Applications and extensions of this approach to optimization are boundless. Including both MHD and gyrokinetic stability metrics in the target function will be necessary when designing a viable fusion reactor. Finding a set of coils with reasonable properties would also be a valuable project, as was done in Jorge *et al.* (Reference Jorge, Goodman, Landreman, Rodrigues and Wechsung2023). The optimization approach in this paper also seems to be sensitive to initial conditions: we were unable to find any good configurations $n_{fp}>1$, except for those initialized from a solution found using NAE. However, not all near-axis solutions were effective initial conditions. Hence, a more robust and reliable way to generate near-axis solutions as starting points for optimization would be a valuable asset.

## Supplementary material

Supplementary material is available at https://zenodo.org/record/7220257.

## Acknowledgements

We are grateful to C. Albert, P. Costello, M. Drevlak, A. Johansson, G. Pechstein, R. Nies and J. Proll for useful conversations. We additionally thank C. Nührenberg and D. Spong, who provided the other QI configurations shown. Views and opinions expressed are those of the author(s) only and do not necessarily reflect those of the European Union or the European Commission. Neither the European Union nor the European Commission can be held responsible for them.

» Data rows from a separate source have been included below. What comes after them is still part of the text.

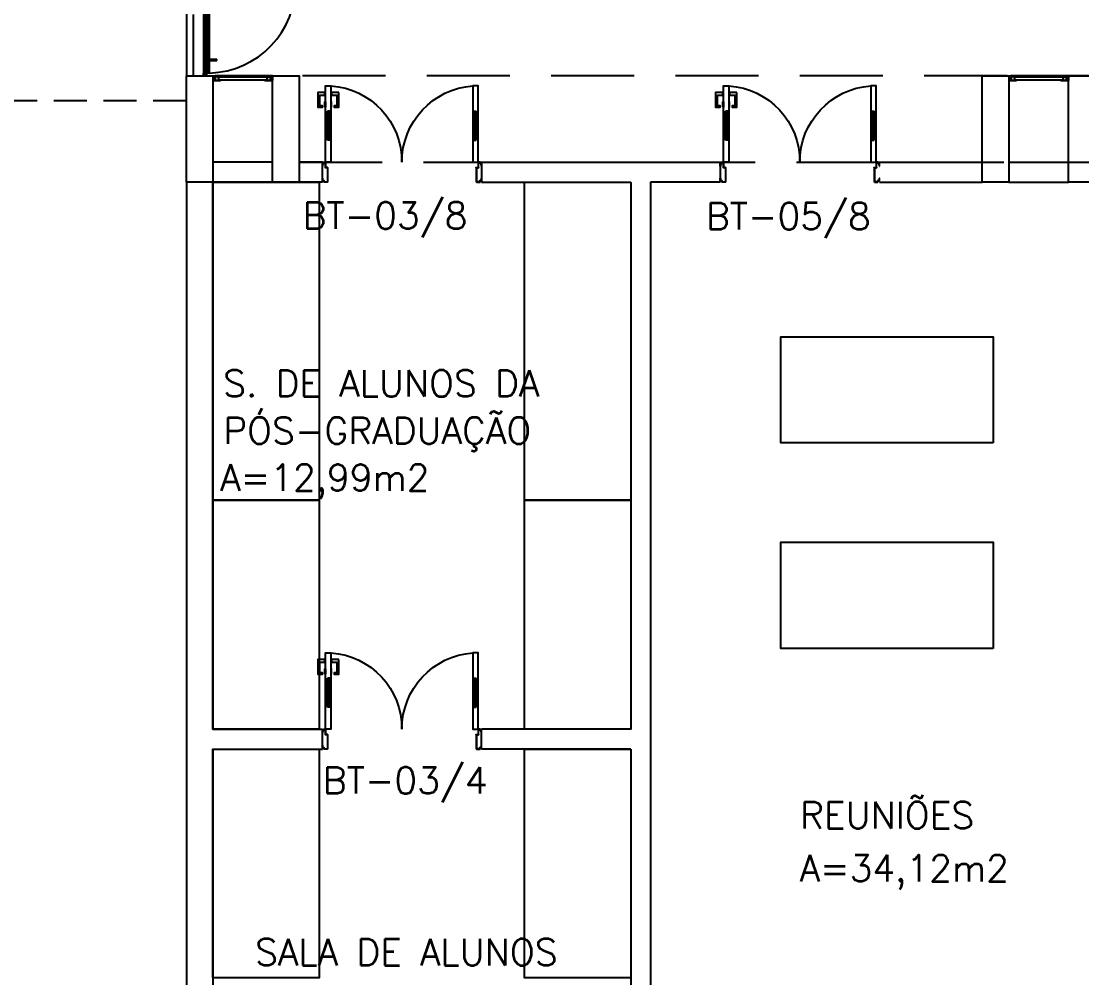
# Model space of a CAD drawing. Header units: millimetres. Extents: x 2128 to 2646, y 1972 to 2207.
# Drawn here: x 2370.57 to 2378.56, y 2012.24 to 2019.45 of the extents above; entities that cross this region are included whole.
import ezdxf

# ---------------------------------------------------------------- set-up
doc = ezdxf.new("R2010")
doc.units = ezdxf.units.MM
doc.linetypes.add('HIDDEN', pattern=[0.375, 0.25, -0.125])
for name, color, linetype in [('AR-ALV', 2, 'Continuous'), ('AR-BANCADAS', 1, 'Continuous'), ('AR-CORRIMAO-V', 52, 'Continuous'), ('AR-ESQ', 1, 'Continuous'), ('AR-ESTC', 3, 'Continuous'), ('AR-PISO-V1', 1, 'Continuous'), ('AR-PORTA', 1, 'Continuous'), ('AR-PROJ', 1, 'HIDDEN'), ('AR-VIDRO', 2, 'Continuous'), ('BC- VISTA', 1, 'Continuous'), ('DT-ESQ-BAGUETE-C', 1, 'Continuous'), ('DT-ESQ-PERFIL CADEIRA-C', 2, 'Continuous'), ('DT-ESQ-PERFIL CADEIRA-V', 2, 'Continuous'), ('DT-ESQ-VENEZIANA-C', 1, 'Continuous'), ('DT-ESQ-VENEZIANA-V', 1, 'Continuous'), ('ENDEREÇO', 2, 'Continuous'), ('maçaneta', 1, 'Continuous'), ('montantes', 1, 'Continuous'), ('mov', 1, 'Continuous'), ('PLAT-CONG', 7, 'Continuous'), ('PM-PERFIL U-C', 2, 'Continuous'), ('PM-VIDRO', 2, 'Continuous'), ('pm1', 2, 'Continuous'), ('pm2', 2, 'Continuous'), ('TEXTO', 2, 'Continuous'), ('Área', 2, 'Continuous')]:
    doc.layers.add(name, color=color, linetype=linetype)
doc.styles.add('UNB-100', font='simplex.shx', dxfattribs={"height": 0.2})
doc.styles.add('UNB1-100', font='simplex.shx', dxfattribs={"height": 0.2})

# ---------------------------------------------------------------- blocks, each defined once
blk = doc.blocks.new('EF01-P')
at = {"layer": 'DT-ESQ-BAGUETE-C', "ltscale": 0.1}
for points in [[(0.0015, 0.035), (0.015, 0.035), (0.015, 0.0335), (0.0015, 0.0335), (0.0015, 0.005), (0.015, 0.005), (0.015, 0.0035), (0.0015, 0.0035, -0.414214), (0, 0.005), (0, 0.0335, -0.414214)], [(0.4485, 0.035), (0.435, 0.035), (0.435, 0.0335), (0.4485, 0.0335), (0.4485, 0.005), (0.435, 0.005), (0.435, 0.0035), (0.4485, 0.0035, 0.414214), (0.45, 0.005), (0.45, 0.0335, 0.414214)]]:
    blk.add_lwpolyline(points, format="xyb", close=True, dxfattribs=at)
at = {"layer": 'DT-ESQ-PERFIL CADEIRA-C', "ltscale": 0.1}
for points in [[(0.01, 0.0015), (0.01, 0.003), (0.0015, 0.003, 1), (0.0015, 0), (0.015, 0, 0.414214), (0.0165, 0.0015), (0.0165, 0.0335), (0.043, 0.0335)], [(0.043, 0.0065), (0.018, 0.0065), (0.018, 0.0165), (0.0165, 0.0165), (0.0165, 0.0065, 0.414214), (0.018, 0.005), (0.043, 0.005), (0.0565, 0.005, 1), (0.0565, 0.008), (0.043, 0.008), (0.043, 0.02), (0.043, 0.032), (0.0565, 0.032, 1), (0.0565, 0.035), (0.043, 0.035), (0.0165, 0.035, 0.414214), (0.015, 0.0335), (0.015, 0.0015), (0.0015, 0.0015)], [(0.0415, 0.02), (0.0415, 0.032, -0.414214), (0.043, 0.0335), (0.0565, 0.0335)], [(0.0415, 0.02), (0.0415, 0.008, 0.414214), (0.043, 0.0065), (0.0565, 0.0065)], [(0.407, 0.0065), (0.432, 0.0065), (0.432, 0.0165), (0.4335, 0.0165), (0.4335, 0.0065, -0.414214), (0.432, 0.005), (0.407, 0.005), (0.3935, 0.005, -1), (0.3935, 0.008), (0.407, 0.008), (0.407, 0.02), (0.407, 0.032), (0.3935, 0.032, -1), (0.3935, 0.035), (0.407, 0.035), (0.4335, 0.035, -0.414214), (0.435, 0.0335), (0.435, 0.0015), (0.4485, 0.0015)], [(0.4085, 0.02), (0.4085, 0.032, 0.414214), (0.407, 0.0335), (0.3935, 0.0335)], [(0.4085, 0.02), (0.4085, 0.008, -0.414214), (0.407, 0.0065), (0.3935, 0.0065)], [(0.44, 0.0015), (0.44, 0.003), (0.4485, 0.003, -1), (0.4485, 0), (0.435, 0, -0.414214), (0.4335, 0.0015), (0.4335, 0.0335), (0.407, 0.0335)]]:
    blk.add_lwpolyline(points, format="xyb", dxfattribs=at)
at = {"layer": 'DT-ESQ-PERFIL CADEIRA-V', "ltscale": 0.1}
blk.add_line((0.015, 0), (0.435, 0), dxfattribs=at)
at = {"layer": 'DT-ESQ-VENEZIANA-C', "ltscale": 0.1}
for p, q in [((0.043, 0.0105), (0.407, 0.0105)), ((0.043, 0.009), (0.407, 0.009))]:
    blk.add_line(p, q, dxfattribs=at)
at = {"layer": 'DT-ESQ-VENEZIANA-V', "ltscale": 0.1}
blk.add_line((0.043, 0.031), (0.407, 0.031), dxfattribs=at)
blk = doc.blocks.new('PV1')
at = {"layer": 'AR-VIDRO'}
for p, q in [((0.6825, 0.02), (0.005, 0.02)), ((0.6825, 0.005), (0.005, 0.005)), ((0.0215, 0.0443), (0.0215, 0.0293)), ((0.0215, 0.0443), (0.6875, 0.0443)), ((0.0215, 0.0293), (0.6875, 0.0293)), ((2.7035, 0.0443), (2.0375, 0.0443)), ((2.7035, 0.0293), (2.0375, 0.0293)), ((2.0425, 0.02), (2.72, 0.02)), ((2.0425, 0.005), (2.72, 0.005)), ((2.7035, 0.0443), (2.7035, 0.0293))]:
    blk.add_line(p, q, dxfattribs=at)
at = {"layer": 'maçaneta'}
for p, q in [((0.1165, 0.0993), (0.1265, 0.0993)), ((0.1165, 0.0493), (0.1165, 0.0993)), ((0.1265, 0.0493), (0.1265, 0.0993)), ((2.5985, 0.0493), (2.5985, 0.0993)), ((2.6085, 0.0993), (2.5985, 0.0993)), ((2.6085, 0.0493), (2.6085, 0.0993)), ((0.1115, 0.0443), (0.1115, 0.0493)), ((0.1115, 0.0493), (0.1315, 0.0493)), ((0.1315, 0.0443), (0.1315, 0.0493)), ((2.6135, 0.0493), (2.5935, 0.0493)), ((2.5935, 0.0443), (2.5935, 0.0493)), ((2.6135, 0.0443), (2.6135, 0.0493))]:
    blk.add_line(p, q, dxfattribs=at)
at = {"layer": 'montantes'}
for p, q in [((0, 0), (0, 0.025)), ((0, 0.025), (0.02, 0.025)), ((0, 0), (0.02, 0)), ((0.005, 0.005), (0.005, 0.02)), ((0.02, 0.02), (0.02, 0.025)), ((0.02, 0), (0.02, 0.005)), ((0.6425, 0.0493), (0.6925, 0.0493)), ((0.6425, 0.025), (0.6925, 0.025)), ((0.6875, 0.025), (0.6675, 0.025)), ((0.6675, 0.02), (0.6675, 0.025)), ((0.6675, 0), (0.6675, 0.005)), ((0.6875, 0), (0.6675, 0)), ((0.6825, 0.005), (0.6825, 0.02)), ((0.6875, 0.0443), (0.6875, 0.0293)), ((0.6875, 0), (0.6875, 0.025)), ((0.6925, 0.0493), (0.6925, 0.025)), ((2.0325, 0.0493), (2.0325, 0.025)), ((2.0825, 0.0493), (2.0325, 0.0493)), ((2.0825, 0.025), (2.0325, 0.025)), ((2.0375, 0.0443), (2.0375, 0.0293)), ((2.0375, 0.025), (2.0575, 0.025)), ((2.0375, 0), (2.0375, 0.025)), ((2.0375, 0), (2.0575, 0)), ((2.0425, 0.005), (2.0425, 0.02)), ((2.0575, 0.02), (2.0575, 0.025)), ((2.0575, 0), (2.0575, 0.005)), ((2.705, 0.02), (2.705, 0.025)), ((2.725, 0.025), (2.705, 0.025)), ((2.705, 0), (2.705, 0.005)), ((2.725, 0), (2.705, 0)), ((2.72, 0.005), (2.72, 0.02)), ((2.725, 0), (2.725, 0.025))]:
    blk.add_line(p, q, dxfattribs=at)
for centre in [(0.6925, 0.02), (2.0325, 0.02)]:
    blk.add_circle(centre, 0.005, dxfattribs=at)
for centre, start, end in [((0.6425, 0.0443), 90, 180), ((0.6425, 0.03), 180, 270), ((2.0825, 0.0443), 0, 90), ((2.0825, 0.03), 270, 0)]:
    blk.add_arc(centre, 0.005, start, end, dxfattribs=at)
at = {"layer": 'mov'}
for centre, start, end in [((0.692, 0.025), 0, 178.35472), ((2.033, 0.025), 1.64528, 180)]:
    blk.add_arc(centre, 0.6705, start, end, dxfattribs=at)
blk = doc.blocks.new('marco-d')
at = {"layer": 'PM-PERFIL U-C'}
for p, q in [((-0.0135, 0), (-0.0015, 0)), ((-0.025, -0.03), (-0.025, -0.0115)), ((-0.023, -0.03), (-0.025, -0.03)), ((-0.0235, -0.01), (-0.015, -0.01)), ((-0.0145, -0.012), (-0.023, -0.012)), ((-0.023, -0.012), (-0.023, -0.03)), ((-0.015, -0.01), (-0.015, -0.0015)), ((-0.002, -0.002), (-0.013, -0.002)), ((-0.013, -0.002), (-0.013, -0.0105)), ((-0.002, -0.0415), (-0.002, -0.002)), ((0.013, -0.043), (-0.0005, -0.043)), ((0, -0.0015), (0, -0.041)), ((0.0135, -0.041), (0, -0.041)), ((0.013, -0.043), (0.013, -0.148)), ((0.015, -0.0425), (0.015, -0.1485)), ((-0.025, -0.1385), (-0.025, -0.12)), ((-0.025, -0.12), (-0.023, -0.12)), ((-0.015, -0.14), (-0.0235, -0.14)), ((-0.023, -0.12), (-0.023, -0.138)), ((-0.023, -0.138), (-0.0145, -0.138)), ((-0.015, -0.1485), (-0.015, -0.14)), ((0.0135, -0.15), (-0.0135, -0.15)), ((-0.013, -0.1395), (-0.013, -0.148)), ((-0.013, -0.148), (0.013, -0.148))]:
    blk.add_line(p, q, dxfattribs=at)
for centre, start, end in [((-0.0135, -0.0015), 90, 180), ((-0.0015, -0.0015), 360, 90), ((-0.0235, -0.0115), 90, 180), ((-0.0145, -0.0105), 270, 0), ((-0.0005, -0.0415), 180, 270), ((0.0135, -0.0425), 0, 90), ((-0.0235, -0.1385), 180, 270), ((-0.0135, -0.1485), 180, 270), ((-0.0145, -0.1395), 0, 90), ((0.0135, -0.1485), 269.93864, 0)]:
    blk.add_arc(centre, 0.0015, start, end, dxfattribs=at)
blk = doc.blocks.new('marco-e')
at = {"layer": 'PM-PERFIL U-C'}
for p, q in [((-0.015, -0.0425), (-0.015, -0.1485)), ((-0.0135, -0.041), (0, -0.041)), ((-0.013, -0.043), (0.0005, -0.043)), ((-0.013, -0.043), (-0.013, -0.148)), ((0, -0.0015), (0, -0.041)), ((0.0135, 0), (0.0015, 0)), ((0.002, -0.0415), (0.002, -0.002)), ((0.002, -0.002), (0.013, -0.002)), ((0.013, -0.002), (0.013, -0.0105)), ((0.0145, -0.012), (0.023, -0.012)), ((0.015, -0.01), (0.015, -0.0015)), ((0.0235, -0.01), (0.015, -0.01)), ((0.023, -0.012), (0.023, -0.03)), ((0.023, -0.03), (0.025, -0.03)), ((0.025, -0.03), (0.025, -0.0115)), ((-0.0135, -0.15), (0.0135, -0.15)), ((0.013, -0.148), (-0.013, -0.148)), ((0.013, -0.1395), (0.013, -0.148)), ((0.023, -0.138), (0.0145, -0.138)), ((0.015, -0.14), (0.0235, -0.14)), ((0.015, -0.1485), (0.015, -0.14)), ((0.025, -0.12), (0.023, -0.12)), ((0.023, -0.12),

*Editor Peter Catto thanks the referees for their advice in evaluating this article.*

## Funding

Support from the SIMSOPT team is also gratefully acknowledged. Optimizations and simulations were performed with the Cobra and Raven HPCs (Garching) respectively. A.G., M.L. and K.C.M are supported by a grant from the Simons Foundation (560651). R.J. is supported by the Portuguese FCT – Fundação para a Ciência e Tecnologia, under grant 2021.02213.CEECIND and by a grant by Alexander-von-Humboldt-Stiftung, Bonn, Germany, through a research fellowship. This publication is part of the project ‘Shaping turbulence – building a framework for turbulence optimisation of fusion reactors’, with Project No. OCENW.KLEIN.013 of the research program ‘NWO Open Competition Domain Science’ which is financed by the Dutch Research Council (NWO). This work has been carried out with in the framework of the EUROfusion Consortium, funded by the European Union via the Euratom Research and Training Programme (Grant Agreement No. 101052200 – EUROfusion).

## Declaration of interests

The authors report no conflict of interest.